Greenspan's critics also fault him for keeping interest rates too low for too long after the brief recession of 2001. The Fed brought short-term rates down to 1% in 2003 and didn't reverse course until the following year. The loose-money regime encouraged reckless lending, critics contend.
Money became so cheap that it was easier for borrowers to keep up with their payments, said banker Charles R. Morris, author of "The Trillion Dollar Meltdown."
The resulting drop in default rates temporarily made risky assets look safer than they were, Morris said, causing many investors to plunge into securities they normally would have shied away from.
When the crash finally came, it was far broader than it otherwise might have been. For example, banks in Europe nearly got knocked over by investments related to U.S. mortgages.
Billionaire financier George Soros, who has a new book out on the financial crisis, said in an interview that Greenspan was "definitely responsible for the housing bubble" both because of the sustained low rates and the Fed's failure to issue stricter mortgage-lending rules.
Greenspan has countered the loose-money critique by noting that housing bubbles emerged in more than a dozen developed nations during the same period and with about the same characteristics as in the United States.
If the Fed inflated the U.S. bubble, he has asked, how did the divergent policies of overseas central banks all produce a similar result in their own countries? It is more likely, Greenspan has said, that the bubble resulted from a historically long period of low interest rates -- determined not by regulators, but by global markets.
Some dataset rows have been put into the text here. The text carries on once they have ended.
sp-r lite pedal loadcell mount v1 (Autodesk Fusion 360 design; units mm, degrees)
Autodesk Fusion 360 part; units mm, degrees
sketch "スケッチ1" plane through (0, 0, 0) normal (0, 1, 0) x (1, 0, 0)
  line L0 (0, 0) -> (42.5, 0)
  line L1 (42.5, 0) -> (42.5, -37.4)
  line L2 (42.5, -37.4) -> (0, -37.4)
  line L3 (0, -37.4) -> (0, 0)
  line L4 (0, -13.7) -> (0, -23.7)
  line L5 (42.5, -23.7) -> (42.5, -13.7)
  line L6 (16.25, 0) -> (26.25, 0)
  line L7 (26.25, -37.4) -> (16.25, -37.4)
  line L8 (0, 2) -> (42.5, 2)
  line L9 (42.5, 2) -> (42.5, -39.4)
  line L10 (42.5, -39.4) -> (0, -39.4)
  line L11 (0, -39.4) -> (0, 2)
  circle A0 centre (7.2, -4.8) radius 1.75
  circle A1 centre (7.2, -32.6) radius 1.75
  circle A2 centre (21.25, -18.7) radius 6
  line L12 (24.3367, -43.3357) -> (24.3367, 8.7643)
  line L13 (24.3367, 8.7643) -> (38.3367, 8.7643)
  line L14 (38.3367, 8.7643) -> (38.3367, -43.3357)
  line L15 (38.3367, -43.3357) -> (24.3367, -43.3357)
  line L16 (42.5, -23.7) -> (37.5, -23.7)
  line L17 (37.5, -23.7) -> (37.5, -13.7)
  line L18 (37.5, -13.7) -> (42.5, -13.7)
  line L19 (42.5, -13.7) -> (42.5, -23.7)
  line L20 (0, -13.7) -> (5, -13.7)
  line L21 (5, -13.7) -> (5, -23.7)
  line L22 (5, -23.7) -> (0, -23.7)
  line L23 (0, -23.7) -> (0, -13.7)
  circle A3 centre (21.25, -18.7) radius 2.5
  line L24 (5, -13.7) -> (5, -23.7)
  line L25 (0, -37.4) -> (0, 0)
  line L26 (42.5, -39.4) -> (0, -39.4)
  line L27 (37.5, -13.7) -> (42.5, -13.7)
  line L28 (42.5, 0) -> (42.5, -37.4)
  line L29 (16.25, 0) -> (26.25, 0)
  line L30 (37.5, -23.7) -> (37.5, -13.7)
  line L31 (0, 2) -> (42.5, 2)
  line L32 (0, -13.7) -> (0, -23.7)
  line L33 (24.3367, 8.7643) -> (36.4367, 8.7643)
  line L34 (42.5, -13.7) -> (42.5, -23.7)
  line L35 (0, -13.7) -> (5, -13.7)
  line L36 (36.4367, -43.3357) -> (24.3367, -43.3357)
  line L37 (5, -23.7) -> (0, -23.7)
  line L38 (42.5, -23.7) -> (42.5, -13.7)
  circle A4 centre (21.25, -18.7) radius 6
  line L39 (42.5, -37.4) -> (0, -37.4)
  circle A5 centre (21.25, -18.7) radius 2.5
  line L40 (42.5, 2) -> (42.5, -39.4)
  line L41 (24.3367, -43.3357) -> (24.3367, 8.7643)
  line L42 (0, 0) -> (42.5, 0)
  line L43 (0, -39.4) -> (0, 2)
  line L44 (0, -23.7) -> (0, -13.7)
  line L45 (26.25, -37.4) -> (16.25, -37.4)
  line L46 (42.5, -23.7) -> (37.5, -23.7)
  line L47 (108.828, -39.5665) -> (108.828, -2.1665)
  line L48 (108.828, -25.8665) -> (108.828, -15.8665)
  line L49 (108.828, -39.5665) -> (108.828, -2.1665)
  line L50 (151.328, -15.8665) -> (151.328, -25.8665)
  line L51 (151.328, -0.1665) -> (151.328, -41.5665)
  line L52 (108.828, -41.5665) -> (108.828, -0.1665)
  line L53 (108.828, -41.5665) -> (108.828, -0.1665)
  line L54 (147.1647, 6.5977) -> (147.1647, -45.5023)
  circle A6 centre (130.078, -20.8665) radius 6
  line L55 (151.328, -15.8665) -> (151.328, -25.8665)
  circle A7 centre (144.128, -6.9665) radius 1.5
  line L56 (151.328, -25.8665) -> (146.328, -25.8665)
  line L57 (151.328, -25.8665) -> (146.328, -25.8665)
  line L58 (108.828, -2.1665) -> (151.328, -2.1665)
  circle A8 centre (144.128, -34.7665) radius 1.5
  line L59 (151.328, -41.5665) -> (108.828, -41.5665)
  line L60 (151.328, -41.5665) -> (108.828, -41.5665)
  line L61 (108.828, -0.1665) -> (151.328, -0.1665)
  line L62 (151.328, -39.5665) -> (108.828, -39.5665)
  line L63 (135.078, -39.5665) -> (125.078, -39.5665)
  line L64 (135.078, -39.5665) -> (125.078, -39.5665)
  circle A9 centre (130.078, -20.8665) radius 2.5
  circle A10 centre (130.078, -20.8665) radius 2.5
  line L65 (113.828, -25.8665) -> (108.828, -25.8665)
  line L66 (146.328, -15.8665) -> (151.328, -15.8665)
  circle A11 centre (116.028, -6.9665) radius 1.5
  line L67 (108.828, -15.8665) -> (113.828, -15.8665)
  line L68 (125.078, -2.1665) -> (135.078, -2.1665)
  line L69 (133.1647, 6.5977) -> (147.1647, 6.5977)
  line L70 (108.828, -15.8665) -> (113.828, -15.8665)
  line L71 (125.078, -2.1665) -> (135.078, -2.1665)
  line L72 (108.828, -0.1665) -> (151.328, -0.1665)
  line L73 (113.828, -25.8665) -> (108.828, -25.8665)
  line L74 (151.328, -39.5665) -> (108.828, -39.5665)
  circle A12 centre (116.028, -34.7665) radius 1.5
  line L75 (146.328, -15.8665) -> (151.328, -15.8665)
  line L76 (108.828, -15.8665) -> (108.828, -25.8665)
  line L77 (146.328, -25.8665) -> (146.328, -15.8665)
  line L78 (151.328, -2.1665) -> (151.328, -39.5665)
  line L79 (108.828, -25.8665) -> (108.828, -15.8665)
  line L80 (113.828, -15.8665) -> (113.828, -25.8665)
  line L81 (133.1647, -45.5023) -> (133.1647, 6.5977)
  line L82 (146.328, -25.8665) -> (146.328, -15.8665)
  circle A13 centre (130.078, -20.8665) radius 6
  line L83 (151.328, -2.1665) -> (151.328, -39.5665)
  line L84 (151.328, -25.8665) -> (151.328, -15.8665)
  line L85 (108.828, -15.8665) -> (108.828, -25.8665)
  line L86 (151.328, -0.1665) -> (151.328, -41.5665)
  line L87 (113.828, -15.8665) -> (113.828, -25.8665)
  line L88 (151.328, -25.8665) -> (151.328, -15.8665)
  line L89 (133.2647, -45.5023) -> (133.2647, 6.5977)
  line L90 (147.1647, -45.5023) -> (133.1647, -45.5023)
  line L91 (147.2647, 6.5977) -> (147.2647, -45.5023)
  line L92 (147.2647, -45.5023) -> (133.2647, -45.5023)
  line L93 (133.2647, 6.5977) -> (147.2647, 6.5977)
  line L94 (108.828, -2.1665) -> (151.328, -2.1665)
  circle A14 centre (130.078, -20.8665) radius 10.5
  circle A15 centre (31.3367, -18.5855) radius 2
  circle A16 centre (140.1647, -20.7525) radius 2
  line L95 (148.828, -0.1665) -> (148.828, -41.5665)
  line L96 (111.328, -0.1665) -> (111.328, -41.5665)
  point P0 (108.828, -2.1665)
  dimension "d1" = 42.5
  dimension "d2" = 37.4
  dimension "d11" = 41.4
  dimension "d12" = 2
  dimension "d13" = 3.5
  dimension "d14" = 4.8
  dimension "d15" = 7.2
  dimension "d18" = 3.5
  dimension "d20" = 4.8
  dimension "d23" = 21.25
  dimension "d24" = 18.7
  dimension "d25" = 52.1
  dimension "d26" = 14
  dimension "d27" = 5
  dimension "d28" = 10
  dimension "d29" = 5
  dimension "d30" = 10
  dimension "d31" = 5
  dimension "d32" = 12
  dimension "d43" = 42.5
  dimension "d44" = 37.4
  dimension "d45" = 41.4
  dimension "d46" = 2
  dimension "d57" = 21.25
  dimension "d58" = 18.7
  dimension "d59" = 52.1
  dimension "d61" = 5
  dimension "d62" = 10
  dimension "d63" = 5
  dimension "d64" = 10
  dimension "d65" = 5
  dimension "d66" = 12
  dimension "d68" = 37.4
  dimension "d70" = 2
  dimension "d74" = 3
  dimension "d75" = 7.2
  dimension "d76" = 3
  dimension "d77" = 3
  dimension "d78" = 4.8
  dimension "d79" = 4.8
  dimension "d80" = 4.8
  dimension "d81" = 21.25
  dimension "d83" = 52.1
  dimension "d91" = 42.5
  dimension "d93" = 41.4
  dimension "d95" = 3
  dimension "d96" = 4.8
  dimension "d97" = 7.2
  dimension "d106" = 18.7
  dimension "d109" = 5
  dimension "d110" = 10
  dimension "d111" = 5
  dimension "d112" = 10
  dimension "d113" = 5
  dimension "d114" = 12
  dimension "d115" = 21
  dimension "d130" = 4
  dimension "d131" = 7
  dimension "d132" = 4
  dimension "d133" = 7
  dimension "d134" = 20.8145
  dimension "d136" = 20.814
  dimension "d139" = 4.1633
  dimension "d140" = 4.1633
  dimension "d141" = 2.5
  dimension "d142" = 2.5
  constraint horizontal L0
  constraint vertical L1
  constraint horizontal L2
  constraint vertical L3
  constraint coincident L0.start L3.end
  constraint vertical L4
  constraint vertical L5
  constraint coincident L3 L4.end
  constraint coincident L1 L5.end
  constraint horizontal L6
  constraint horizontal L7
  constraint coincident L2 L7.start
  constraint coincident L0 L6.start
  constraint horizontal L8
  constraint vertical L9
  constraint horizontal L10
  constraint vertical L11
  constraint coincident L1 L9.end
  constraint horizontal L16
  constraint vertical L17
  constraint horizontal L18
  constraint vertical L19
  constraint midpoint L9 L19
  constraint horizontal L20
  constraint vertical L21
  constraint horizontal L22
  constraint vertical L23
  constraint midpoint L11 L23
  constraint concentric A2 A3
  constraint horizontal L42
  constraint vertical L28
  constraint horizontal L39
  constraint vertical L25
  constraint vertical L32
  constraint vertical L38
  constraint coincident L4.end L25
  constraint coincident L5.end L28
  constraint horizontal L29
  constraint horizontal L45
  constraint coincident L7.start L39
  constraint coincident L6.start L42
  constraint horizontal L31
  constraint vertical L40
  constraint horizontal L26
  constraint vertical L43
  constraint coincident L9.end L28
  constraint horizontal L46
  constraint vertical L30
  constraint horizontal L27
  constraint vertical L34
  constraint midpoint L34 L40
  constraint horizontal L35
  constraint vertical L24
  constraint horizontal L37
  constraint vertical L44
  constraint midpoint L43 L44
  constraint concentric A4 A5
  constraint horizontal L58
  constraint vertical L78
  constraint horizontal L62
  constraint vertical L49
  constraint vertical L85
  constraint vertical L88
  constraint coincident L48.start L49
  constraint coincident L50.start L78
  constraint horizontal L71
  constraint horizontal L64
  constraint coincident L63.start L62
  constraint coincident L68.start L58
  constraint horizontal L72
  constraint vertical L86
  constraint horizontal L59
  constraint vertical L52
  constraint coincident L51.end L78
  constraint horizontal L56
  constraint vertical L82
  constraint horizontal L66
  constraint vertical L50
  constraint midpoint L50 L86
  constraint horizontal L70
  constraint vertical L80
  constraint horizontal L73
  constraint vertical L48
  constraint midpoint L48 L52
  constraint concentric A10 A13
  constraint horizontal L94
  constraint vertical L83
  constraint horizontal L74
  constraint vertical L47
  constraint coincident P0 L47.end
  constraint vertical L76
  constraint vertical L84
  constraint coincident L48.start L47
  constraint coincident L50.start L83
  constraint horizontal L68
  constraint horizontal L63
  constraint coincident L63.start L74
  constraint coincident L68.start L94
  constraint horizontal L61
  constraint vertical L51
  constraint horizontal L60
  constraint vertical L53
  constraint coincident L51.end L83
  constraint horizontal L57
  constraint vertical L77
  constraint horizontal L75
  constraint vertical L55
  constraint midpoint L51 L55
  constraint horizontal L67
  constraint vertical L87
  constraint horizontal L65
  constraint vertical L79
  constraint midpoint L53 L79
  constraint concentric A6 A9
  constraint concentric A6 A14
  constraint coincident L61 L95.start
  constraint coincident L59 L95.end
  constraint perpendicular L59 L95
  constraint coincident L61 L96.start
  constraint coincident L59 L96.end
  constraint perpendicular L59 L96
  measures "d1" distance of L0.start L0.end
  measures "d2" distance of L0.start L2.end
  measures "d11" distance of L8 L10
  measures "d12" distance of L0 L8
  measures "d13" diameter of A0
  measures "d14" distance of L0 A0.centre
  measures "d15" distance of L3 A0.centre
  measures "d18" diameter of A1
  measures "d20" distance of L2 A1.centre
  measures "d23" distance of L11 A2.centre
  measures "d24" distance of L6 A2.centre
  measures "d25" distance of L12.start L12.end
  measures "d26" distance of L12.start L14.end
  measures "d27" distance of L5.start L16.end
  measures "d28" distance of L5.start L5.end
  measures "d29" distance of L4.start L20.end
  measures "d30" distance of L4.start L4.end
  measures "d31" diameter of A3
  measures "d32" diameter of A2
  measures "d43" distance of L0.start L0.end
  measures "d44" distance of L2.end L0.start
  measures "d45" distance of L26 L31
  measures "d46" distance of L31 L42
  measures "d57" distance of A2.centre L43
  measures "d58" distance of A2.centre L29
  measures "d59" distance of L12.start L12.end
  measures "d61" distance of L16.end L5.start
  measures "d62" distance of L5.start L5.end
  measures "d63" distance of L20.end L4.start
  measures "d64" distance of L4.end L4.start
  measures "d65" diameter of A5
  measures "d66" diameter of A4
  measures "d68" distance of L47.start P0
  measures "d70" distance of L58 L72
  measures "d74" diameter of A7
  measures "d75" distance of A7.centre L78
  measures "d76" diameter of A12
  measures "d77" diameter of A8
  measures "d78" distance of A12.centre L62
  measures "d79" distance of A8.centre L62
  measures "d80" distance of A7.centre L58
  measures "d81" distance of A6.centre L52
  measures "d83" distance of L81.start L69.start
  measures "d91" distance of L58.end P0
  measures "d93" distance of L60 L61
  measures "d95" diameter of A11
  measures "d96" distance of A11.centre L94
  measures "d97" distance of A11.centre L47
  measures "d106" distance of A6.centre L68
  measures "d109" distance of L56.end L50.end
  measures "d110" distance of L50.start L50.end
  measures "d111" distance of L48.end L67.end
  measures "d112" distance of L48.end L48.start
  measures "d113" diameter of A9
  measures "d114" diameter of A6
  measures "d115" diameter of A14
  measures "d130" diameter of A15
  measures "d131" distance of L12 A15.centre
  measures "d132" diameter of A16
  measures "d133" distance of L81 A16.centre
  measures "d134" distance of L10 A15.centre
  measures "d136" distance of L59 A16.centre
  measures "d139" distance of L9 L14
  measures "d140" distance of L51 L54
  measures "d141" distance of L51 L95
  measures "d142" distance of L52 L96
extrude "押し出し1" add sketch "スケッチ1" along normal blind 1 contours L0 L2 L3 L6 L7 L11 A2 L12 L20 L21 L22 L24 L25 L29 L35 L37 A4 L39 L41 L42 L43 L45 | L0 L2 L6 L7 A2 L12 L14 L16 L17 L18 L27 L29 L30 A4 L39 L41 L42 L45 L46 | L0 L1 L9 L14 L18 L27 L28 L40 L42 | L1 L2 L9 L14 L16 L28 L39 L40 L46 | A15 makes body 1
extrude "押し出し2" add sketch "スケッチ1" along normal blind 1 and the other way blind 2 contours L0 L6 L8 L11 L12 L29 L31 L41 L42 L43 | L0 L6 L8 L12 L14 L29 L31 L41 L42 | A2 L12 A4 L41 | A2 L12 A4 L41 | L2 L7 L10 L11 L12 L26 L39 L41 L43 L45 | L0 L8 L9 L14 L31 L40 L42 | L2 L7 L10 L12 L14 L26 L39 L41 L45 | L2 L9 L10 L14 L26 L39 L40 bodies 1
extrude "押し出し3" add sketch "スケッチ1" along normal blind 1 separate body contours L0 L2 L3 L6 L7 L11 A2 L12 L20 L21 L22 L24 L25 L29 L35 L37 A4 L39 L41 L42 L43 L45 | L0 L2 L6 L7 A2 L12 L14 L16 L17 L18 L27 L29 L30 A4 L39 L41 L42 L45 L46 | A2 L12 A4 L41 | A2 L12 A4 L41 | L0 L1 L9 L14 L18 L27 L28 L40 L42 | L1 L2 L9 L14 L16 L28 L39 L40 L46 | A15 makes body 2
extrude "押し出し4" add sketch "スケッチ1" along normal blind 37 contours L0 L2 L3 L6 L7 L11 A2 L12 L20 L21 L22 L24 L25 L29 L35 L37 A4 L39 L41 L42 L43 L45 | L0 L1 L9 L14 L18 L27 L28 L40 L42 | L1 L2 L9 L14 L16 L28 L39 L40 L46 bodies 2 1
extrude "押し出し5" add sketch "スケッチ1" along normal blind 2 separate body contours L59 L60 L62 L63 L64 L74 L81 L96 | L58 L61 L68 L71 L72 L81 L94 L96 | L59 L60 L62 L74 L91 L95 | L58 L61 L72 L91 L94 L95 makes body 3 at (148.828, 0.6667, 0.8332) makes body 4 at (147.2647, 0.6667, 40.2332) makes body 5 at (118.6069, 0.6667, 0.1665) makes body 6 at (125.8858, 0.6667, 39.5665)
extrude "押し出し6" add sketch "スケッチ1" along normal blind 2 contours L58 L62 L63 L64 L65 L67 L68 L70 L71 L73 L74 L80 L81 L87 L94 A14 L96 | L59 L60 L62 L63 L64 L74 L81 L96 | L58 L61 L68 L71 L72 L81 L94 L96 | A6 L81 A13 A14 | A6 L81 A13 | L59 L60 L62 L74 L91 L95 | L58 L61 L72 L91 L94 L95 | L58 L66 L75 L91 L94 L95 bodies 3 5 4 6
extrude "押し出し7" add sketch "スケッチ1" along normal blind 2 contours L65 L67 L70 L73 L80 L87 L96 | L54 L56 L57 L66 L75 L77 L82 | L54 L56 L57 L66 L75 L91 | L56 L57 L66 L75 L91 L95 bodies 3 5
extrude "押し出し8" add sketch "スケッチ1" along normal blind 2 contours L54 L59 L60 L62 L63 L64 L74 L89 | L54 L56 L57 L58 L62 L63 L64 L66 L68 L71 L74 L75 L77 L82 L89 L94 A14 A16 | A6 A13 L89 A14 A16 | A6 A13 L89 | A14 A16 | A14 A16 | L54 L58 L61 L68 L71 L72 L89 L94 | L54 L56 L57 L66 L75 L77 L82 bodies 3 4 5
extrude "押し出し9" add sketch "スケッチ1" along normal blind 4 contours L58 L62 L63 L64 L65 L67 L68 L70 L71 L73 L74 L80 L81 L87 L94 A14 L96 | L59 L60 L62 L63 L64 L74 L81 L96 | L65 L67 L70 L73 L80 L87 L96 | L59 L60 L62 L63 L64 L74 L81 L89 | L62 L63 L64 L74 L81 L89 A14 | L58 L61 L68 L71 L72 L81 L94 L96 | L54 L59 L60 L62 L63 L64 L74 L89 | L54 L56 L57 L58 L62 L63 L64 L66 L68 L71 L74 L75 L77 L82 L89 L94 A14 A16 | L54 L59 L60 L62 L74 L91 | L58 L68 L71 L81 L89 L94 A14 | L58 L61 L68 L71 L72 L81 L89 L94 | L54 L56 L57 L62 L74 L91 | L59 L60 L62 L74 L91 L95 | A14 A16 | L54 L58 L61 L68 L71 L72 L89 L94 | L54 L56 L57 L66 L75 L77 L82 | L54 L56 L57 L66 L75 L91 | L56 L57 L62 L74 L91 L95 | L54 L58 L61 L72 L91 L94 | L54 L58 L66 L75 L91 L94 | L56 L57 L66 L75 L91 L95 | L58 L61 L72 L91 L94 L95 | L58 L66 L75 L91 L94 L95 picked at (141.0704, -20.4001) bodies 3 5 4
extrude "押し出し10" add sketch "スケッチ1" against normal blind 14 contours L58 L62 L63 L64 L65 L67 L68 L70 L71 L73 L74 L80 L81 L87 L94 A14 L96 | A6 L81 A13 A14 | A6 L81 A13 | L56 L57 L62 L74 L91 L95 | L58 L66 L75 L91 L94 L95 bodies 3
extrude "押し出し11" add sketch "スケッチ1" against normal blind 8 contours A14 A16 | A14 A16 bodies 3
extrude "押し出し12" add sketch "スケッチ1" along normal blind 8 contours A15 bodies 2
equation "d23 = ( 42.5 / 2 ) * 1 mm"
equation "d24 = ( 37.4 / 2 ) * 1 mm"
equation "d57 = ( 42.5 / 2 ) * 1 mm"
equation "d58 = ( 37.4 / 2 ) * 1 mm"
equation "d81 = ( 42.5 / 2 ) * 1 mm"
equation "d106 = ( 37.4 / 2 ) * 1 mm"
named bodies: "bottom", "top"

In the CNBC interview, Greenspan endorsed the use of taxpayer dollars to help ease the mortgage mess. He envisioned a vehicle like Resolution Trust Corp., which was created to liquidate mortgages and real estate assets in the aftermath of the 1980s savings and loan crisis.
He also said it made sense for the government to intervene last month to prevent brokerage Bears Stearns Cos. from collapsing.
Such views are at odds with the sink-or-swim philosophy of the most extreme free-market adherents.
Morris noted the discrepancy. Greenspan, he said, believes that "asset prices are determined in highly sophisticated markets, and the government has no business interfering. Except when asset prices go down, and the government has to step in and set a floor."